The Catholic legal expert Carl Herstein has written a fascinating and important article for Public Square entitled Our Return to the Persecution of the Pre-Christian World.  He examines just why the Roman persecuted Christianity and sees parallels to the growing legal challenges that Christians are facing today.  He is not saying that today’s Christians are in jeopardy of being thrown to the lions or burned as torches to provide light for an emperor’s feast.  He is concentrating on the laws and their rationale then and now.

I want to sum up his argument and then draw some lessons from his findings, with reference to options that Christians are currently considering about how to function in an increasingly secularist and culturally hostile climate.

Romans disliked Christians and felt threatened by them because they opposed Roman values and refused to participate fully in Roman public life.  Central to the Roman Republic and then the Roman Empire was political participation–running for office, campaigning, voting–but the early Christians cared little for that.  Rome was militaristic and glorified war, but the Christians favored peace and often refused to join the army.  Rome loved its gladiator fights and related spectacles, but the Christians scorned them.  Religion for the Romans was primarily a civic matter, but Christians refused to take part, considering the civil religion in all of its tolerance to be idolatry.  Christians were thus a living reproach to what Romans held dear.  Of course they were hated.

What Rome wanted from the Christians was submission.  Roman law demanded of the Christians, an act of obeisance to Roman values, however small.  Just burn some incense to the deified Emperor.  That’s all you have to do.

Herstein notes that the Romans violated their own legal principles to extort this concession from the Christians.  The legal system was not so enlightened that it rejected torture, but torture was always used to force the accused to confess their crimes.  Christians, though, were quite willing to confess the crime of their faith.  So with them, the Romans used torture to get them to deny the crime that they were charged with.  The goal of the torturers was to force the accused to deny their faith, to apostasize, whereupon they would be released.

Today’s secularist values include non-discrimination, sexual permissiveness, and the right to an abortion.  Again, Christians, with their views about gender, sexual morality, and the sanctity of life do not go along with those values.  But the secularists insist on submission.

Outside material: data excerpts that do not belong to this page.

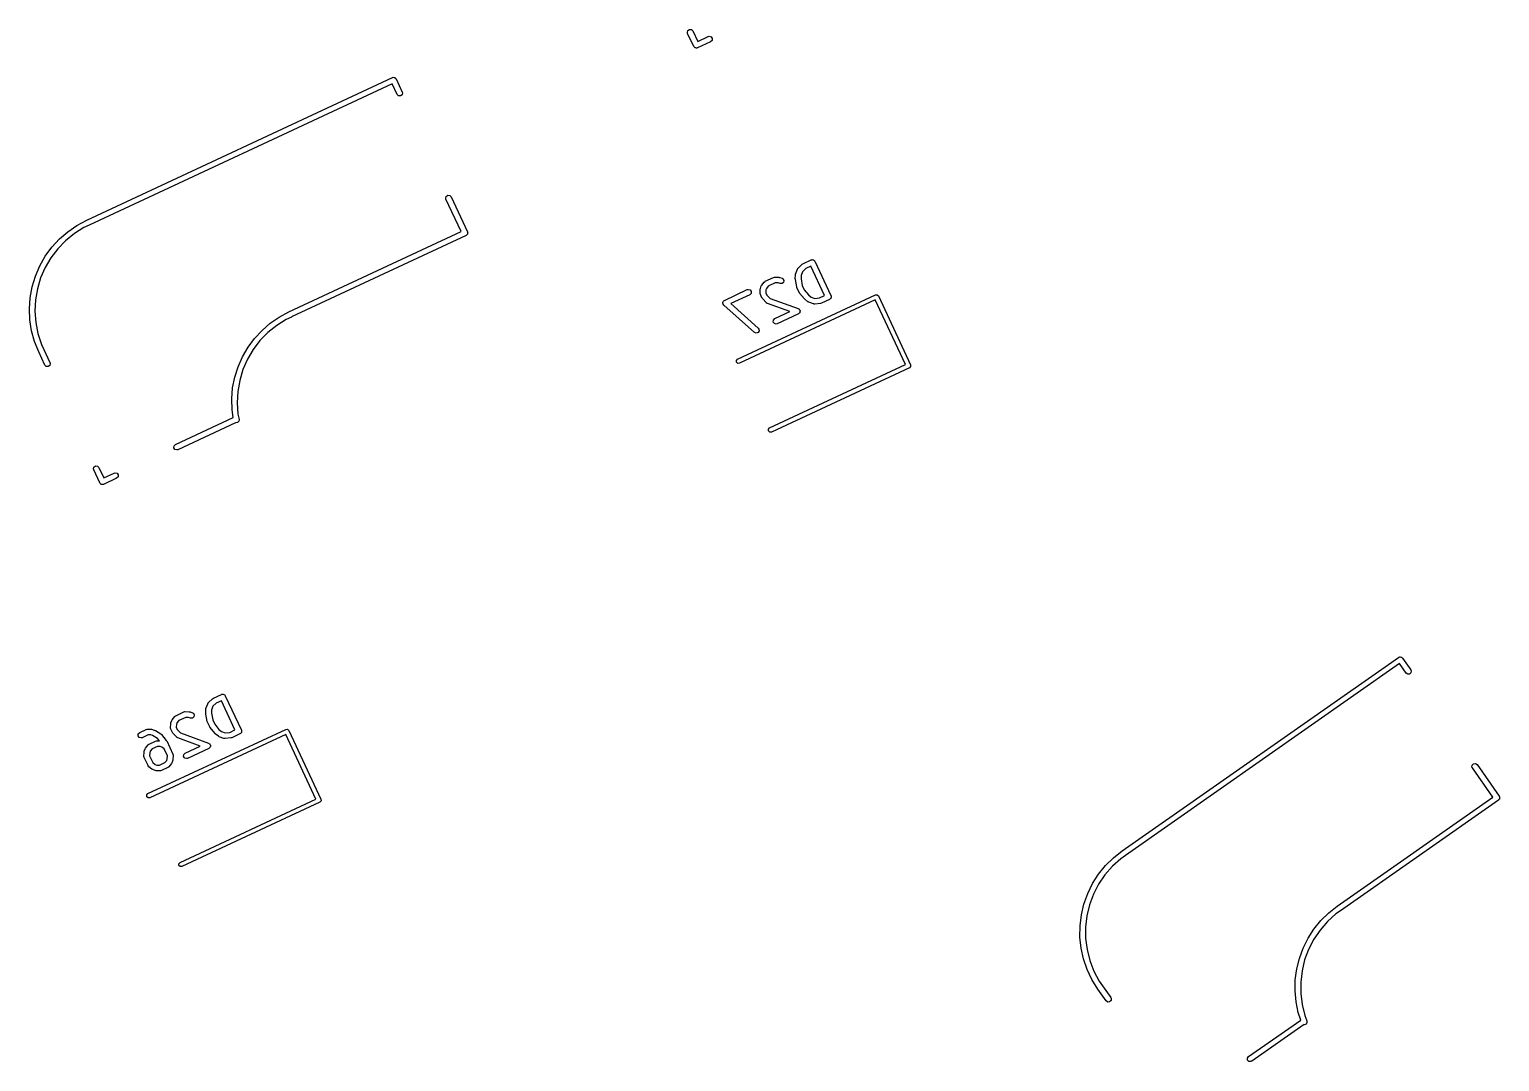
# Model space of a CAD drawing. Extents: x 22 to 260, y -160 to -44.
# Drawn here: x 175.46 to 214.21, y -135.66 to -108.45 of the extents above; entities that cross this region are included whole.
import ezdxf

# ---------------------------------------------------------------- set-up
doc = ezdxf.new("R2010")
doc.units = 0
doc.layers.add('BLACK', color=7, linetype='CONTINUOUS')

msp = doc.modelspace()

# ---------------------------------------------------------------- linework, layer by layer
at = {"layer": 'BLACK', "linetype": 'CONTINUOUS'}
for p, q in [((192.802, -108.533), (192.815, -108.483)), ((192.815, -108.483), (192.857, -108.454)), ((192.857, -108.454), (192.908, -108.458)), ((192.908, -108.458), (192.944, -108.495)), ((192.944, -108.495), (193.074, -108.772)), ((192.808, -108.558), (192.802, -108.533)), ((192.969, -108.903), (192.808, -108.558)), ((193.414, -108.779), (193.069, -108.94)), ((193.074, -108.772), (193.351, -108.643)), ((193.351, -108.643), (193.376, -108.636)), ((193.376, -108.636), (193.426, -108.649)), ((193.451, -108.742), (193.414, -108.779)), ((193.426, -108.649), (193.455, -108.691)), ((193.455, -108.691), (193.451, -108.742)), ((192.983, -108.917), (192.969, -108.903)), ((192.994, -108.933), (192.983, -108.917)), ((193.001, -108.935), (192.994, -108.933)), ((193.006, -108.94), (193.001, -108.935)), ((193.025, -108.941), (193.006, -108.94)), ((193.044, -108.946), (193.025, -108.941)), ((193.053, -108.944), (193.044, -108.946)), ((193.057, -108.944), (193.053, -108.944)), ((193.059, -108.942), (193.057, -108.944)), ((193.069, -108.94), (193.059, -108.942)), ((176.969, -113.479), (185.026, -109.722)), ((185.022, -109.89), (177.032, -113.615)), ((185.151, -110.167), (185.022, -109.89)), ((185.026, -109.722), (185.036, -109.72)), ((185.036, -109.72), (185.038, -109.718)), ((185.038, -109.718), (185.042, -109.718)), ((185.042, -109.718), (185.051, -109.715)), ((185.051, -109.715), (185.07, -109.72)), ((185.07, -109.72), (185.09, -109.722)), ((185.09, -109.722), (185.094, -109.727)), ((185.094, -109.727), (185.101, -109.729)), ((185.101, -109.729), (185.112, -109.745)), ((185.112, -109.745), (185.126, -109.758)), ((185.126, -109.758), (185.287, -110.104)), ((185.187, -110.203), (185.151, -110.167)), ((185.238, -110.208), (185.187, -110.203)), ((185.28, -110.178), (185.238, -110.208)), ((185.294, -110.129), (185.28, -110.178)), ((185.287, -110.104), (185.294, -110.129)), ((186.432, -112.904), (186.446, -112.855)), ((186.439, -112.929), (186.432, -112.904)), ((186.837, -113.782), (186.439, -112.929)), ((186.446, -112.855), (186.488, -112.825)), ((186.488, -112.825), (186.539, -112.83)), ((186.539, -112.83), (186.575, -112.866)), ((186.575, -112.866), (187.004, -113.787)), ((176.711, -113.618), (176.969, -113.479)), ((176.969, -113.479), (176.969, -113.479)), ((176.248, -113.977), (176.469, -113.785)), ((176.644, -113.836), (176.412, -114.023)), ((176.469, -113.785), (176.711, -113.618)), ((176.897, -113.678), (176.644, -113.836)), ((177.032, -113.615), (176.897, -113.678)), ((177.032, -113.615), (177.032, -113.615)), ((177.032, -113.615), (177.032, -113.615)), ((182.301, -115.898), (186.837, -113.782)), ((186.968, -113.887), (182.364, -116.033)), ((186.982, -113.873), (186.968, -113.887)), ((186.998, -113.862), (186.982, -113.873)), ((187, -113.855), (186.998, -113.862)), ((187.004, -113.85), (187, -113.855)), ((187.004, -113.787), (187.007, -113.796)), ((187.006, -113.831), (187.004, -113.85)), ((187.011, -113.812), (187.006, -113.831)), ((187.007, -113.796), (187.009, -113.799)), ((187.009, -113.799), (187.009, -113.803)), ((187.009, -113.803), (187.011, -113.812)), ((175.878, -114.43), (176.05, -114.193)), ((176.204, -114.237), (176.023, -114.474)), ((176.05, -114.193), (176.248, -113.977)), ((176.412, -114.023), (176.204, -114.237)), ((175.617, -114.955), (175.733, -114.685)), ((175.733, -114.685), (175.878, -114.43)), ((176.023, -114.474), (175.872, -114.731)), ((195.719, -114.745), (195.829, -114.641)), ((195.829, -114.641), (195.847, -114.629)), ((195.847, -114.629), (195.848, -114.628)), ((195.848, -114.628), (196.064, -114.527)), ((196.06, -114.695), (195.923, -114.758)), ((196.419, -115.465), (196.06, -114.695)), ((196.064, -114.527), (196.074, -114.524)), ((196.074, -114.524), (196.077, -114.523)), ((196.077, -114.523), (196.08, -114.523)), ((196.08, -114.523), (196.089, -114.52)), ((196.089, -114.52), (196.108, -114.525)), ((196.108, -114.525), (196.128, -114.527)), ((196.128, -114.527), (196.132, -114.532)), ((196.132, -114.532), (196.139, -114.534)), ((196.139, -114.534), (196.15, -114.549)), ((196.15, -114.549), (196.164, -114.563)), ((196.164, -114.563), (196.587, -115.47)), ((175.532, -115.236), (175.617, -114.955)), ((175.754, -115.005), (175.669, -115.29)), ((175.872, -114.731), (175.754, -115.005)), ((194.853, -115.094), (194.856, -115.09)), ((194.856, -115.09), (195.072, -114.99)), ((195.072, -114.99), (195.097, -114.983)), ((195.097, -114.983), (195.101, -114.984)), ((195.101, -114.984), (195.105, -114.983)), ((195.105, -114.983), (195.212, -114.986)), ((195.212, -114.986), (195.234, -114.99)), ((195.234, -114.99), (195.235, -114.99)), ((195.235, -114.99), (195.299, -115.013)), ((195.299, -115.013), (195.321, -115.026)), ((195.321, -115.026), (195.347, -115.071)), ((195.347, -115.071), (195.338, -115.121)), ((195.647, -115.03), (195.65, -114.924)), ((195.648, -115.033), (195.647, -115.03)), ((195.648, -115.046), (195.648, -115.033)), ((195.686, -115.239), (195.648, -115.046)), ((195.65, -114.924), (195.654, -114.902)), ((195.654, -114.9), (195.7, -114.773)), ((195.654, -114.902), (195.654, -114.9)), ((195.7, -114.773), (195.713, -114.751)), ((195.713, -114.751), (195.717, -114.749)), ((195.717, -114.749), (195.719, -114.745)), ((195.799, -114.94), (195.797, -115.026)), ((195.797, -115.026), (195.831, -115.202)), ((195.835, -114.841), (195.799, -114.94)), ((195.923, -114.758), (195.835, -114.841)), ((175.48, -115.524), (175.532, -115.236)), ((175.669, -115.29), (175.619, -115.584)), ((193.777, -115.594), (194.381, -115.312)), ((194.445, -115.448), (193.943, -115.681)), ((194.124, -117.144), (197.759, -115.45)), ((194.381, -115.312), (194.406, -115.305)), ((194.406, -115.305), (194.456, -115.318)), ((194.481, -115.412), (194.445, -115.448)), ((194.456, -115.318), (194.485, -115.36)), ((194.485, -115.36), (194.481, -115.412)), ((194.72, -115.41), (194.723, -115.303)), ((194.722, -115.414), (194.72, -115.41)), ((194.721, -115.418), (194.722, -115.414)), ((194.727, -115.443), (194.721, -115.418)), ((194.723, -115.303), (194.728, -115.281)), ((194.768, -115.53), (194.727, -115.443)), ((194.728, -115.279), (194.751, -115.216)), ((194.728, -115.281), (194.728, -115.279)), ((194.751, -115.216), (194.762, -115.197)), ((194.762, -115.197), (194.763, -115.195)), ((194.763, -115.195), (194.829, -115.112)), ((194.829, -115.112), (194.848, -115.095)), ((194.848, -115.095), (194.853, -115.094)), ((194.873, -115.319), (194.871, -115.396)), ((194.871, -115.396), (194.898, -115.455)), ((194.888, -115.279), (194.873, -115.319)), ((194.935, -115.219), (194.888, -115.279)), ((194.898, -115.455), (194.981, -115.543)), ((195.119, -115.133), (194.935, -115.219)), ((195.196, -115.135), (195.119, -115.133)), ((195.247, -115.154), (195.196, -115.135)), ((195.299, -115.154), (195.247, -115.154)), ((195.338, -115.121), (195.299, -115.154)), ((195.687, -115.242), (195.686, -115.239)), ((195.691, -115.257), (195.687, -115.242)), ((195.752, -115.386), (195.691, -115.257)), ((195.754, -115.388), (195.752, -115.386)), ((195.761, -115.402), (195.754, -115.388)), ((195.885, -115.554), (195.761, -115.402)), ((195.831, -115.202), (195.884, -115.314)), ((195.884, -115.314), (195.996, -115.453)), ((195.996, -115.453), (196.064, -115.507)), ((196.282, -115.529), (196.419, -115.465)), ((196.587, -115.47), (196.589, -115.479)), ((197.759, -115.45), (197.805, -115.448)), ((197.805, -115.448), (197.838, -115.479)), ((175.459, -115.817), (175.48, -115.524)), ((175.472, -116.11), (175.459, -115.817)), ((175.619, -115.584), (175.605, -115.882)), ((193.735, -115.646), (193.74, -115.639)), ((193.738, -115.664), (193.735, -115.646)), ((193.736, -115.681), (193.738, -115.664)), ((193.741, -115.688), (193.736, -115.681)), ((193.74, -115.639), (193.741, -115.63)), ((193.741, -115.63), (193.753, -115.618)), ((193.742, -115.697), (193.741, -115.688)), ((193.759, -115.717), (193.742, -115.697)), ((193.753, -115.618), (193.762, -115.603)), ((194.57, -116.443), (193.759, -115.717)), ((193.762, -115.603), (193.771, -115.6)), ((193.771, -115.6), (193.777, -115.594)), ((193.943, -115.681), (194.67, -116.331)), ((197.755, -115.584), (194.175, -117.253)), ((194.769, -115.531), (194.768, -115.53)), ((194.781, -115.549), (194.769, -115.531)), ((194.885, -115.659), (194.781, -115.549)), ((194.889, -115.661), (194.885, -115.659)), ((194.891, -115.665), (194.889, -115.661)), ((194.914, -115.678), (194.891, -115.665)), ((195.503, -115.892), (194.914, -115.678)), ((194.981, -115.543), (195.724, -115.813)), ((195.724, -115.813), (195.738, -115.821)), ((195.738, -115.821), (195.742, -115.822)), ((195.742, -115.822), (195.743, -115.824)), ((195.743, -115.824), (195.747, -115.826)), ((195.747, -115.826), (195.758, -115.846)), ((195.758, -115.846), (195.771, -115.864)), ((195.771, -115.864), (195.771, -115.868)), ((195.888, -115.556), (195.885, -115.554)), ((195.897, -115.566), (195.888, -115.556)), ((195.98, -115.632), (195.897, -115.566)), ((195.982, -115.632), (195.98, -115.632)), ((196.001, -115.644), (195.982, -115.632)), ((196.128, -115.69), (196.001, -115.644)), ((196.064, -115.507), (196.162, -115.543)), ((196.132, -115.69), (196.128, -115.69)), ((196.136, -115.692), (196.132, -115.69)), ((196.162, -115.694), (196.136, -115.692)), ((196.162, -115.543), (196.282, -115.529)), ((196.311, -115.676), (196.162, -115.694)), ((196.313, -115.676), (196.311, -115.676)), ((196.334, -115.67), (196.313, -115.676)), ((196.55, -115.569), (196.334, -115.67)), ((196.564, -115.555), (196.55, -115.569)), ((196.58, -115.544), (196.564, -115.555)), ((196.582, -115.538), (196.58, -115.544)), ((196.587, -115.533), (196.582, -115.538)), ((196.588, -115.514), (196.587, -115.533)), ((196.593, -115.495), (196.588, -115.514)), ((196.589, -115.479), (196.591, -115.482)), ((196.591, -115.482), (196.591, -115.485)), ((196.591, -115.485), (196.593, -115.495)), ((198.55, -117.288), (197.755, -115.584)), ((197.838, -115.479), (197.838, -115.479)), ((197.838, -115.479), (198.684, -117.291)), ((175.518, -116.399), (175.472, -116.11)), ((175.605, -115.882), (175.627, -116.18)), ((175.627, -116.18), (175.685, -116.472)), ((181.59, -116.386), (181.808, -116.197)), ((181.808, -116.197), (182.046, -116.034)), ((182.229, -116.096), (181.977, -116.254)), ((182.046, -116.034), (182.301, -115.897)), ((182.364, -116.034), (182.229, -116.096)), ((182.301, -115.897), (182.301, -115.898)), ((182.301, -115.898), (182.301, -115.898)), ((182.364, -116.033), (182.364, -116.033)), ((182.364, -116.033), (182.364, -116.033)), ((182.364, -116.033), (182.364, -116.033)), ((182.364, -116.033), (182.364, -116.034)), ((195.065, -116.165), (195.07, -116.114)), ((195.095, -116.207), (195.065, -116.165)), ((195.07, -116.114), (195.106, -116.077)), ((195.144, -116.22), (195.095, -116.207)), ((195.106, -116.077), (195.503, -115.892)), ((195.169, -116.213), (195.144, -116.22)), ((195.73, -115.952), (195.169, -116.213)), ((195.746, -115.936), (195.73, -115.952)), ((195.764, -115.921), (195.746, -115.936)), ((195.767, -115.915), (195.764, -115.918)), ((195.764, -115.918), (195.764, -115.921)), ((195.769, -115.893), (195.767, -115.915)), ((195.772, -115.871), (195.769, -115.893)), ((195.771, -115.868), (195.772, -115.871)), ((175.595, -116.682), (175.518, -116.399)), ((175.685, -116.472), (175.777, -116.756)), ((181.221, -116.83), (181.393, -116.598)), ((181.393, -116.598), (181.59, -116.386)), ((181.745, -116.44), (181.537, -116.653)), ((181.977, -116.254), (181.745, -116.44)), ((194.617, -116.462), (194.57, -116.443)), ((194.666, -116.446), (194.617, -116.462)), ((194.693, -116.402), (194.666, -116.446)), ((194.67, -116.331), (194.686, -116.351)), ((194.686, -116.351), (194.693, -116.402)), ((175.704, -116.954), (175.595, -116.682)), ((175.865, -117.3), (175.704, -116.954)), ((175.704, -116.954), (175.704, -116.954)), ((175.777, -116.756), (175.84, -116.891)), ((175.84, -116.891), (175.84, -116.891)), ((175.84, -116.891), (176.001, -117.236)), ((181.076, -117.08), (181.221, -116.83)), ((181.357, -116.889), (181.206, -117.146)), ((181.537, -116.653), (181.357, -116.889)), ((175.902, -117.336), (175.865, -117.3)), ((175.953, -117.34), (175.902, -117.336)), ((175.995, -117.311), (175.953, -117.34)), ((176.008, -117.261), (175.995, -117.311)), ((176.001, -117.236), (176.008, -117.261)), ((180.872, -117.619), (180.959, -117.344)), ((180.959, -117.344), (181.076, -117.08)), ((181.206, -117.146), (181.087, -117.418)), ((194.093, -117.178), (194.124, -117.144)), ((194.095, -117.224), (194.093, -117.178)), ((194.129, -117.255), (194.095, -117.224)), ((194.175, -117.253), (194.129, -117.255)), ((194.97, -118.957), (198.55, -117.288)), ((198.655, -117.371), (195.02, -119.066)), ((198.686, -117.337), (198.655, -117.371)), ((198.655, -117.371), (198.655, -117.371)), ((198.684, -117.291), (198.686, -117.337)), ((180.816, -117.902), (180.872, -117.619)), ((181.002, -117.703), (180.951, -117.996)), ((181.087, -117.418), (181.002, -117.703)), ((180.792, -118.19), (180.816, -117.902)), ((180.799, -118.479), (180.792, -118.19)), ((180.951, -117.996), (180.936, -118.294)), ((180.828, -118.686), (180.799, -118.479)), ((180.936, -118.294), (180.957, -118.59)), ((179.307, -119.395), (180.828, -118.686)), ((180.894, -118.821), (179.371, -119.531)), ((180.903, -118.825), (180.894, -118.821)), ((180.948, -118.816), (180.903, -118.825)), ((180.98, -118.782), (180.948, -118.816)), ((180.957, -118.59), (180.986, -118.736)), ((180.986, -118.736), (180.98, -118.782)), ((180.986, -118.736), (180.986, -118.736)), ((194.939, -118.991), (194.97, -118.957)), ((194.941, -119.037), (194.939, -118.991)), ((194.974, -119.068), (194.941, -119.037)), ((195.02, -119.066), (194.974, -119.068)), ((179.267, -119.483), (179.271, -119.432)), ((179.296, -119.525), (179.267, -119.483)), ((179.271, -119.432), (179.307, -119.395)), ((179.346, -119.538), (179.296, -119.525)), ((179.371, -119.531), (179.346, -119.538)), ((177.147, -120.037), (177.16, -119.987)), ((177.153, -120.062), (177.147, -120.037)), ((177.314, -120.407), (177.153, -120.062)), ((177.16, -119.987), (177.202, -119.958)), ((177.202, -119.958), (177.253, -119.962)), ((177.253, -119.962), (177.289, -119.999)), ((177.289, -119.999), (177.419, -120.276)), ((177.328, -120.421), (177.314, -120.407)), ((177.339, -120.437), (177.328, -120.421)), ((177.346, -120.439), (177.339, -120.437)), ((177.351, -120.444), (177.346, -120.439)), ((177.37, -120.445), (177.351, -120.444)), ((177.389, -120.45), (177.37, -120.445)), ((177.398, -120.448), (177.389, -120.45)), ((177.402, -120.448), (177.398, -120.448)), ((177.405, -120.446), (177.402, -120.448)), ((177.414, -120.444), (177.405, -120.446)), ((177.759, -120.283), (177.414, -120.444)), ((177.419, -120.276), (177.696, -120.147)), ((177.696, -120.147), (177.721, -120.14)), ((177.721, -120.14), (177.771, -120.153)), ((177.796, -120.246), (177.759, -120.283)), ((177.771, -120.153), (177.8, -120.195)), ((177.8, -120.195), (177.796, -120.246)), ((204.262, -130.102), (211.545, -125.003)), ((211.545, -125.003), (211.553, -124.999)), ((211.553, -124.999), (211.556, -124.996)), ((211.556, -124.996), (211.559, -124.996)), ((211.559, -124.996), (211.568, -124.992)), ((211.568, -124.992), (211.588, -124.994)), ((211.588, -124.994), (211.607, -124.992)), ((211.607, -124.992), (211.612, -124.996)), ((211.612, -124.996), (211.619, -124.996)), ((211.619, -124.996), (211.633, -125.01)), ((211.633, -125.01), (211.649, -125.021)), ((211.649, -125.021), (211.868, -125.333)), ((211.569, -125.169), (204.348, -130.225)), ((211.745, -125.42), (211.569, -125.169)), ((211.787, -125.449), (211.745, -125.42)), ((211.838, -125.444), (211.787, -125.449)), ((211.874, -125.408), (211.838, -125.444)), ((211.868, -125.333), (211.879, -125.357)), ((211.879, -125.357), (211.874, -125.408)), ((180.113, -126.351), (180.16, -126.224)), ((180.16, -126.224), (180.173, -126.202)), ((180.173, -126.202), (180.176, -126.199)), ((180.176, -126.199), (180.178, -126.195)), ((180.178, -126.195), (180.288, -126.092)), ((180.294, -126.292), (180.259, -126.391)), ((180.288, -126.092), (180.307, -126.079)), ((180.382, -126.209), (180.294, -126.292)), ((180.307, -126.079), (180.308, -126.078)), ((180.308, -126.078), (180.523, -125.978)), ((180.519, -126.145), (180.382, -126.209)), ((180.878, -126.916), (180.519, -126.145)), ((180.523, -125.978), (180.533, -125.975)), ((180.533, -125.975), (180.536, -125.973)), ((180.536, -125.973), (180.539, -125.973)), ((180.539, -125.973), (180.549, -125.971)), ((180.549, -125.971), (180.567, -125.976)), ((180.567, -125.976), (180.587, -125.978)), ((180.587, -125.978), (180.592, -125.982)), ((180.592, -125.982), (180.598, -125.984)), ((180.598, -125.984), (180.609, -126)), ((180.609, -126), (180.623, -126.014)), ((180.623, -126.014), (181.046, -126.92)), ((179.187, -126.73), (179.21, -126.667)), ((179.21, -126.667), (179.221, -126.647)), ((179.221, -126.647), (179.222, -126.646)), ((179.222, -126.646), (179.288, -126.562)), ((179.288, -126.562), (179.307, -126.545)), ((179.307, -126.545), (179.312, -126.544)), ((179.312, -126.544), (179.315, -126.541)), ((179.315, -126.541), (179.531, -126.441)), ((179.394, -126.67), (179.347, -126.73)), ((179.578, -126.584), (179.394, -126.67)), ((179.531, -126.441), (179.556, -126.434)), ((179.556, -126.434), (179.56, -126.435)), ((179.56, -126.435), (179.565, -126.434)), ((179.565, -126.434), (179.671, -126.436)), ((179.655, -126.586), (179.578, -126.584)), ((179.707, -126.605), (179.655, -126.586)), ((179.671, -126.436), (179.693, -126.441)), ((179.693, -126.441), (179.695, -126.441)), ((179.695, -126.441), (179.758, -126.464)), ((179.758, -126.605), (179.707, -126.605)), ((179.758, -126.464), (179.78, -126.477)), ((179.797, -126.572), (179.758, -126.605)), ((179.78, -126.477), (179.806, -126.521)), ((179.806, -126.521), (179.797, -126.572)), ((180.106, -126.481), (180.109, -126.374)), ((180.107, -126.484), (180.106, -126.481)), ((180.107, -126.497), (180.107, -126.484)), ((180.145, -126.69), (180.107, -126.497)), ((180.109, -126.374), (180.113, -126.352)), ((180.113, -126.352), (180.113, -126.351)), ((180.147, -126.693), (180.145, -126.69)), ((180.15, -126.707), (180.147, -126.693)), ((180.211, -126.837), (180.15, -126.707)), ((180.259, -126.391), (180.256, -126.477)), ((180.256, -126.477), (180.29, -126.652)), ((180.29, -126.652), (180.343, -126.765)), ((178.325, -127.071), (178.329, -127.02)), ((178.354, -127.113), (178.325, -127.071)), ((178.329, -127.02), (178.366, -126.984)), ((178.366, -126.984), (178.538, -126.903)), ((178.586, -127.047), (178.429, -127.12)), ((178.538, -126.903), (178.563, -126.897)), ((178.563, -126.897), (178.568, -126.898)), ((178.568, -126.898), (178.572, -126.896)), ((178.572, -126.896), (178.678, -126.899)), ((178.584, -128.595), (182.218, -126.9)), ((178.662, -127.049), (178.586, -127.047)), ((182.214, -127.034), (178.634, -128.704)), ((178.707, -127.065), (178.662, -127.049)), ((178.678, -126.899), (178.7, -126.904)), ((178.7, -126.904), (178.702, -126.904)), ((178.702, -126.904), (178.765, -126.927)), ((178.836, -127.144), (178.707, -127.065)), ((178.765, -126.927), (178.775, -126.933)), ((178.775, -126.933), (178.779, -126.933)), ((178.779, -126.933), (178.925, -127.022)), ((178.925, -127.022), (178.944, -127.039)), ((178.944, -127.039), (178.945, -127.039)), ((178.945, -127.039), (179.068, -127.192)), ((179.18, -126.86), (179.183, -126.754)), ((179.181, -126.864), (179.18, -126.86)), ((179.18, -126.869), (179.181, -126.864)), ((179.187, -126.894), (179.18, -126.869)), ((179.183, -126.754), (179.187, -126.732)), ((179.187, -126.732), (179.187, -126.73)), ((179.227, -126.98), (179.187, -126.894)), ((179.228, -126.981), (179.227, -126.98)), ((179.24, -127), (179.228, -126.981)), ((179.344, -127.109), (179.24, -127)), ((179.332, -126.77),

Christians were tortured to cause them to recant and/or to offer the ritual sacrifices that showed their solidarity with the values of the state.  So too, is the rapidly developing state of affairs today, although physical torture has been replaced with subtler means, such as economic loss, inability to pursue a trade or profession, loss of a license and even prison.  The baker is not punished for having disrupted a gay wedding, but rather for refusing to design and bake a cake for it and thus affirm the values that the state has legitimated.  The doctor is not punished for abusing a patient but rather for refusing to perform a procedure that takes a life but which the state decrees ought to be deemed health care.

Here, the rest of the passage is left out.